THE LAW IN SHAMBLES….I’ve now read my second pamphlet from the good folks at Prickly Paradigm Press, Thomas Geoghegan’s The Law in Shambles. His argument is an important one: conservatives complain endlessly about the rising number of lawsuits in America, but in reality they have no one but themselves to blame. Why? Because it’s the inevitable result of cutbacks in corporate regulation:
It galls me to hear the President rail about trial lawyers suing hospitals. Why is it that the trial lawyers bring these suits? Because the hospitals depart from a standard of care, often set out in federal regulations, which the President of the United States has the duty to enforce.
….If the President wanted to cripple the lawyers, he might consider, for example, setting nurse to patient ratios. Of course he won’t. Yet as hospitals cut back on nurses, they end up violating more standards and regulations.
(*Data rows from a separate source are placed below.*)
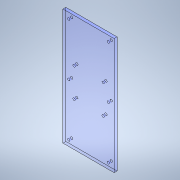
# Autodesk Inventor part: Plaque gauche
Saved by Autodesk Inventor 2022 (Build 260153000, 153)
## iProperties
Created: 2022-05-23
Part Number: Plaque gauche
Material: Générique
Document SubType Name: Modeling
Designer: victo
Density: 1 g/cm^3
Appearance: Transparent - Bleu
Author: victo
Autodesk Inventor part; units mm, degrees
ref_plane "YZ Plane" through (0, 0, 0) normal (1, 0, 0) x (0, 1, 0)
ref_plane "XZ Plane" through (0, 0, 0) normal (0, 1, 0) x (-1, 0, 0)
ref_plane "XY Plane" through (0, 0, 0) normal (0, 0, 1) x (1, 0, 0)
sketch "Esquisse1" plane through (0, 0, 0) normal (0, 0, 1) x (1, 0, 0)
  line L0 (0, 0) -> (-44, 0)
  line L1 (-44, 0) -> (-44, 200)
  line L2 (-44, 200) -> (44, 200)
  line L3 (44, 200) -> (44, 0)
  line L4 (44, 0) -> (0, 0)
  line L5 (-34, 200) -> (-34, 190)
  line L6 (-34, 190) -> (-34, 100) construction
  line L7 (-34, 100) -> (-34, 10) construction
  line L8 (-34, 10) -> (-34, 0)
  line L9 (34, 0) -> (34, 10)
  line L10 (34, 10) -> (34, 100) construction
  line L11 (34, 100) -> (34, 190) construction
  line L12 (34, 190) -> (34, 200)
  circle A0 centre (-34, 190) radius 2
  circle A1 centre (34, 190) radius 2
  circle A2 centre (34, 100) radius 2
  circle A3 centre (-34, 100) radius 2
  circle A4 centre (-34, 10) radius 2
  circle A5 centre (34, 10) radius 2
  line L13 (-34, 10) -> (-44, 10)
  line L14 (34, 10) -> (44, 10)
  line L15 (25, 125) -> (-25, 125) construction
  line L16 (-25, 125) -> (-25, 75) construction
  line L17 (-25, 75) -> (25, 75) construction
  line L18 (25, 75) -> (25, 125) construction
  line L19 (25, 125) -> (-25, 75) construction
  line L20 (-25, 125) -> (25, 75) construction
  line L21 (-34, 100) -> (34, 100) construction
  circle A6 centre (-25, 125) radius 2
  circle A7 centre (25, 125) radius 2
  circle A8 centre (25, 75) radius 2
  circle A9 centre (-25, 75) radius 2
  point P0 (0, 100)
  dimension "d0" = 200
  dimension "d3" = 88
  dimension "d4" = 10
  dimension "d5" = 4
  dimension "d8" = 4
  dimension "d9" = 50
  dimension "d10" = 50
  constraints: 44 end point, 13 point on line, 10 centre point, 10 coincident, 8 equal length, 8 equal radius, 6 perpendicular, 3 midpoint, 2 horizontal, 2 parallel, 2 vertical
  measures "d0" distance between parallel lines of L0 L2
  measures "d3" distance between parallel lines of L1 L3
  measures "d4" distance of L5.start L5.end
  measures "d5" diameter of A3
  measures "d8" diameter of A9
  measures "d9" distance of L15.end L16.end
  measures "d10" distance of L15.start L15.end
extrude "Extrusion1" add sketch "Esquisse1" against normal blind 5 contours L0 L8 A4 L13 L1 L2 L3 L14 A5 L9 L4 | L0 L1 L13 A4 L8 | L9 A5 L14 L3 L4

Result? More and more patients die. Bring on the trial lawyers! For when the rule of law really is in shambles, that’s what people get. When we have no contract, we get tort. And when we have no trust law, we get tort. And when we deregulate, we get tort, as well. One can calculate the rise of tort from the drop in the numbers of those who simply watch over us, from various civil servants to the nurses on the floor.
Roughly speaking, most European countries have adopted a regulatory model in order to keep corporate abuse in check. There are drawbacks to this model, but it does result in relatively few lawsuits. Conversely, in the United States, business-friendly conservatives have fought to keep regulation light. This often leaves lawsuits, which are inevitably less predictable and more arbitrary than regulation, as the only avenue that ordinary citizens have for checking corporate abuse.
But Geoghegan points out that it’s not just inadequate regulation that has led to the rise in torts. It’s also the demise of unions. In the past, he says, employee grievances from unionized workers were mostly handled via arbitration, which is quick and easy. But with arbitration mostly gone, largely replaced by a mass of confusing and poorly enforced civil rights legislation, the only remedy an employee has if she’s unjustly fired is a lawsuit, and this is fundamentally a more scorched-earth process than old style arbitration:
It is not so much about conduct as state of mind. The issue is no longer whether the employer fired the plaintiff for “just cause,” whatever that might now mean in a world of “employment at will.” What the plaintiff must do is show that the employer acted to harm him.
….In post-union America, this is the legal system we now have. It forces us to cast legal issues in the most subjectively explosive way, i.e., “racism,” “sexism,” to get around the fact that we no longer can deal objectively with “just cause.” Do I regret I am part of it? Yes. Are my clients often full of hatred? Yes.
Geoghegan argues that as tort has become the primary means of settling disputes, it’s necessarily also become more politicized, more expensive, and far more complex. As a result, respect for juries has diminished, respect for judges has diminished, and respect for the rule of law itself has diminished. We have created a system in which often the only way left to hold corporations accountable is via furious battles to the death in courtrooms around the country, and nobody is happy with it.
I’m not sure I agree with every argument Geoghegan makes, but it’s a provocative thesis that’s written in a wonderfully accessible, polemic style. And it’s short! And only ten bucks!